In an article published in the journal “Nature”, scientists have observed how the quantum fluctuations that exist in the universe, regardless of how small, can “kick” an object as large as the mirrors 40 kilograms of the Observatory the Laser Interferometer Gravitational Wave (LIGO), causing them to move minimally a distance of 10 to the minus 20 meters. This shift had been predicted by quantum mechanics for an object of that size, but it had never before been measured.

In particular, the mirrors have been moved by the noise of the quantum. The universe, seen through the lens of quantum mechanics, the space is noisy and crackling where the particles parpadéan constantly in and out of existence, creating a background noise quantum whose effects are normally too subtle to be detected in everyday objects. It occurs in ourselves, but we do not realize.

“Every nanosecond of our existence, we are being shaken, struck by these quantum fluctuations. It’s just that the nervousness of our existence, our thermal energy, which is too large for these fluctuations of the quantum vacuum affecting our movement in a way that is measurable”, says Nergis Mavalvala, the head of the department of physics at MIT. “The special thing about this experiment is that we have seen quantum effects in something as large as a human being,” he added.

To achieve this, the researchers isolated the mirrors in LIGO’s movement driven thermally and by other forces, so that they are now strong enough to be shaken by quantum fluctuations, and these “creepy popcorn in the universe”.

Kick quantum

LIGO is designed to detect gravitational waves (made the first detection in September 2015) that reach the Earth from sources cataclysmic millions or billions of light years away.
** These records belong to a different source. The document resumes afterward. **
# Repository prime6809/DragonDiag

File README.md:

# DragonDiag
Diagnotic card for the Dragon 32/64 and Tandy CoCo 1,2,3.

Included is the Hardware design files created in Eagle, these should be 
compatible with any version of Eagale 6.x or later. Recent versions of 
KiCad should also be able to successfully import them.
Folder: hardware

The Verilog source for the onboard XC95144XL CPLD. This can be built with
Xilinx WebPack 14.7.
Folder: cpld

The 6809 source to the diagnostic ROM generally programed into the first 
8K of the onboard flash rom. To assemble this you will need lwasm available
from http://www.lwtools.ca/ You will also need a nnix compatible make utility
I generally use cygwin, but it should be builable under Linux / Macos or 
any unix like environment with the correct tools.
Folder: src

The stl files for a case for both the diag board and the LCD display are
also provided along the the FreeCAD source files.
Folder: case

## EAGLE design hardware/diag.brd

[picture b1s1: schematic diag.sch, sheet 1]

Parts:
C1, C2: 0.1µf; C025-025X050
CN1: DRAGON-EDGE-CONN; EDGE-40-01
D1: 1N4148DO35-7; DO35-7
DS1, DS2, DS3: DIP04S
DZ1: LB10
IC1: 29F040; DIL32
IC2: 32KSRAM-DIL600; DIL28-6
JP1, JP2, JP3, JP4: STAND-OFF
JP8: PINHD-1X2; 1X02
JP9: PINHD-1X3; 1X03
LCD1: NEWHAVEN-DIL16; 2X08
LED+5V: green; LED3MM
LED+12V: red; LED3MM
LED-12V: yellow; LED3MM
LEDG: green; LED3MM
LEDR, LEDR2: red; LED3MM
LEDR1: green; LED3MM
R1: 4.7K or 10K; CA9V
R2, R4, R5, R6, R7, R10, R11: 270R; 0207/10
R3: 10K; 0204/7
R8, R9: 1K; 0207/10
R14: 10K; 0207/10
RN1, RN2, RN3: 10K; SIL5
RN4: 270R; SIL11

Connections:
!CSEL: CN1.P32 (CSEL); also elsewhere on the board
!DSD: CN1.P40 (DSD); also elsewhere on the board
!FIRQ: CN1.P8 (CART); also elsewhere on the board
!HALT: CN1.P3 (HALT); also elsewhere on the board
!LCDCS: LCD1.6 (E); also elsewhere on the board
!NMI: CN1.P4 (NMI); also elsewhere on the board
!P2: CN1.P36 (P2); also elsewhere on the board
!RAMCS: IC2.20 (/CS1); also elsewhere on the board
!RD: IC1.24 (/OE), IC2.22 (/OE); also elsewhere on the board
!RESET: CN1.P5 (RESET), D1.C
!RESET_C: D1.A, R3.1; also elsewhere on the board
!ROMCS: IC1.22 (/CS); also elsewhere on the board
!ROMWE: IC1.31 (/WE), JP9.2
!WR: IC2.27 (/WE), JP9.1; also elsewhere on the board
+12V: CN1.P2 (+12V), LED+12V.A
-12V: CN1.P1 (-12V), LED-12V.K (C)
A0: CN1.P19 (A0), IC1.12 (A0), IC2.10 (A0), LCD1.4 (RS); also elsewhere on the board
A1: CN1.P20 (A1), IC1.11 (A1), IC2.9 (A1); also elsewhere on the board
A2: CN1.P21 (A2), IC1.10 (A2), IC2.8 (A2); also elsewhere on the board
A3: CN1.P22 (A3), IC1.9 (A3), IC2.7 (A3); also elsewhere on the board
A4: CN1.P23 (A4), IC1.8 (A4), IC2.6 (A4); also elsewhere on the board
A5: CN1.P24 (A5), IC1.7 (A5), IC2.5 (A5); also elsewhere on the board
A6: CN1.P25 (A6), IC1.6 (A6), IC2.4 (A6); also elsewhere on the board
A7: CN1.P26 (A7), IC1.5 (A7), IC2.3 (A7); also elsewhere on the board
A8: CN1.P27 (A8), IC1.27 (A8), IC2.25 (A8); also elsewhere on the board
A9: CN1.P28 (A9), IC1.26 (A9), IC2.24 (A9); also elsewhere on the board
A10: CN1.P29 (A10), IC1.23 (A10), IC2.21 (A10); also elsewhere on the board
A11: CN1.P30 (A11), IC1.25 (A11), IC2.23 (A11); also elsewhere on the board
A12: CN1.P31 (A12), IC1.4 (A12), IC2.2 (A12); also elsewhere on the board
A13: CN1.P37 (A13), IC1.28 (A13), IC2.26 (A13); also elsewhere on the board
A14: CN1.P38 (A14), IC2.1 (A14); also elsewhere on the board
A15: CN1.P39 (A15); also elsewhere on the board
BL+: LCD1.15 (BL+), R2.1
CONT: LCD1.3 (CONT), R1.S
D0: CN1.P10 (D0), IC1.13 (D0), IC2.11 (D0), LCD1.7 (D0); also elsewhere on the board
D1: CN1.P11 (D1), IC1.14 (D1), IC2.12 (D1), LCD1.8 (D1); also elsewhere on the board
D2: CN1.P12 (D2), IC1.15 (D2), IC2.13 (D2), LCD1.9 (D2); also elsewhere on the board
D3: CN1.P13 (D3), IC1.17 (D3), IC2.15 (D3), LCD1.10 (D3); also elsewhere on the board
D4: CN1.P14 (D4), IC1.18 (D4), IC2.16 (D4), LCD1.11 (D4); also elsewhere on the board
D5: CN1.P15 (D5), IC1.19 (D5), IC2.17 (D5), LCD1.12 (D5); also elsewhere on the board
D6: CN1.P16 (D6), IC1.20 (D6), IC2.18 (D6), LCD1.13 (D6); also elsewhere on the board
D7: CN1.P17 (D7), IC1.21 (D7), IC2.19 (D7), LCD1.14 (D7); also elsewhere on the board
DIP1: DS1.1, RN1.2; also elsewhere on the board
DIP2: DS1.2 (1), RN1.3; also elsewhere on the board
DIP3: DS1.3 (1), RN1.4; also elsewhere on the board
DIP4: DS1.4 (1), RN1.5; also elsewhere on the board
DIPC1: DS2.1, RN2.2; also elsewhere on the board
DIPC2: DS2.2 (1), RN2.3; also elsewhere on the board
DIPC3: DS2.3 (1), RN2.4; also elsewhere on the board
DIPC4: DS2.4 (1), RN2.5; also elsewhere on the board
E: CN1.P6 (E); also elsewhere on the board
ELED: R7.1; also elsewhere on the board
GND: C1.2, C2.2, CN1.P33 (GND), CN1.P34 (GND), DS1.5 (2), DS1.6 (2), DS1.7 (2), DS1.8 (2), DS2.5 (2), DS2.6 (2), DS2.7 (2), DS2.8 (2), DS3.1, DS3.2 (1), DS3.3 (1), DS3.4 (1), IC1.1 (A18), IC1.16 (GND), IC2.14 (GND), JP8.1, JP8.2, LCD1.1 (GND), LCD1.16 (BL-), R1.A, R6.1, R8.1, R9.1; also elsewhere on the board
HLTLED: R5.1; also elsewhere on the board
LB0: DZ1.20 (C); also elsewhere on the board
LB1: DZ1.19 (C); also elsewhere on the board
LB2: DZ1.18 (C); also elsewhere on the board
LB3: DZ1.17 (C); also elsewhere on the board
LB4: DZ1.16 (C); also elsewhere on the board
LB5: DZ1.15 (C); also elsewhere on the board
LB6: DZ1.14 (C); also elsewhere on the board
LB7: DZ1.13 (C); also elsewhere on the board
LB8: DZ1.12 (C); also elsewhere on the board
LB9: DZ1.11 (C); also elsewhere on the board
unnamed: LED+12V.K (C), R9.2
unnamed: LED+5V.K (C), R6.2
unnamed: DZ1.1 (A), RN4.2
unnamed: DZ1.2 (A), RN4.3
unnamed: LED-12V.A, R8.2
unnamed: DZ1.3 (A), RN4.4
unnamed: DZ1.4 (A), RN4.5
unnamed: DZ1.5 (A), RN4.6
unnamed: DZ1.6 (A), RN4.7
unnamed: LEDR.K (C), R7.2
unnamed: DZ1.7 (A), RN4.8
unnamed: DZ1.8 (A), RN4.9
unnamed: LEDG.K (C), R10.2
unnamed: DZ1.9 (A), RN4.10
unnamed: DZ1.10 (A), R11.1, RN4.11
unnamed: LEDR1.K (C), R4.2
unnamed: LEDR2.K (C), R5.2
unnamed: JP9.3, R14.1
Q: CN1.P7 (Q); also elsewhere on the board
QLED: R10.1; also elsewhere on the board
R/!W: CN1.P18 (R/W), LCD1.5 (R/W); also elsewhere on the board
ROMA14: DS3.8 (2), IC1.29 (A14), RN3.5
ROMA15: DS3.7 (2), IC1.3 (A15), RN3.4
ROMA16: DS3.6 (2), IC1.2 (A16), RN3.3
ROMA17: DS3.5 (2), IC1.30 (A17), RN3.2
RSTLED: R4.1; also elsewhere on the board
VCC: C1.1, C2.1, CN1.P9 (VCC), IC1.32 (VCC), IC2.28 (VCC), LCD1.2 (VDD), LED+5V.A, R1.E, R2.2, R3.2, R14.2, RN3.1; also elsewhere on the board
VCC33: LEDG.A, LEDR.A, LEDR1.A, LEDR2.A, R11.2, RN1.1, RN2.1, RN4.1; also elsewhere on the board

It consists of two detectors identical twins, one in Hanford, Washington, and the other in Livingston, Louisiana. Each detector is an interferometer in L-shape formed by two tunnels 4 miles long, at the end of which hangs a mirror of 40 kilograms.

in order To detect a gravitational wave, a laser located at the entrance to the interferometer LIGO sends a beam of light for each tunnel of the detector, where it is reflected in the mirror at the far end, to get back to your starting point. In the absence of a gravitational wave, the lasers should be back at the exact same time. If you pass a gravitational wave, would disrupt briefly the position of the mirrors and, therefore, the times of arrival of the lasers.

The interferometer is protected from external noise, to have a better opportunity to detect the perturbations extremely subtle created by a gravitational wave incoming. But the researchers wondered if LIGO could also be sensitive enough to feel the effects more subtle, such as quantum fluctuations inside the interferometer and, specifically, the noise of the quantum generated between the photons in the laser LIGO.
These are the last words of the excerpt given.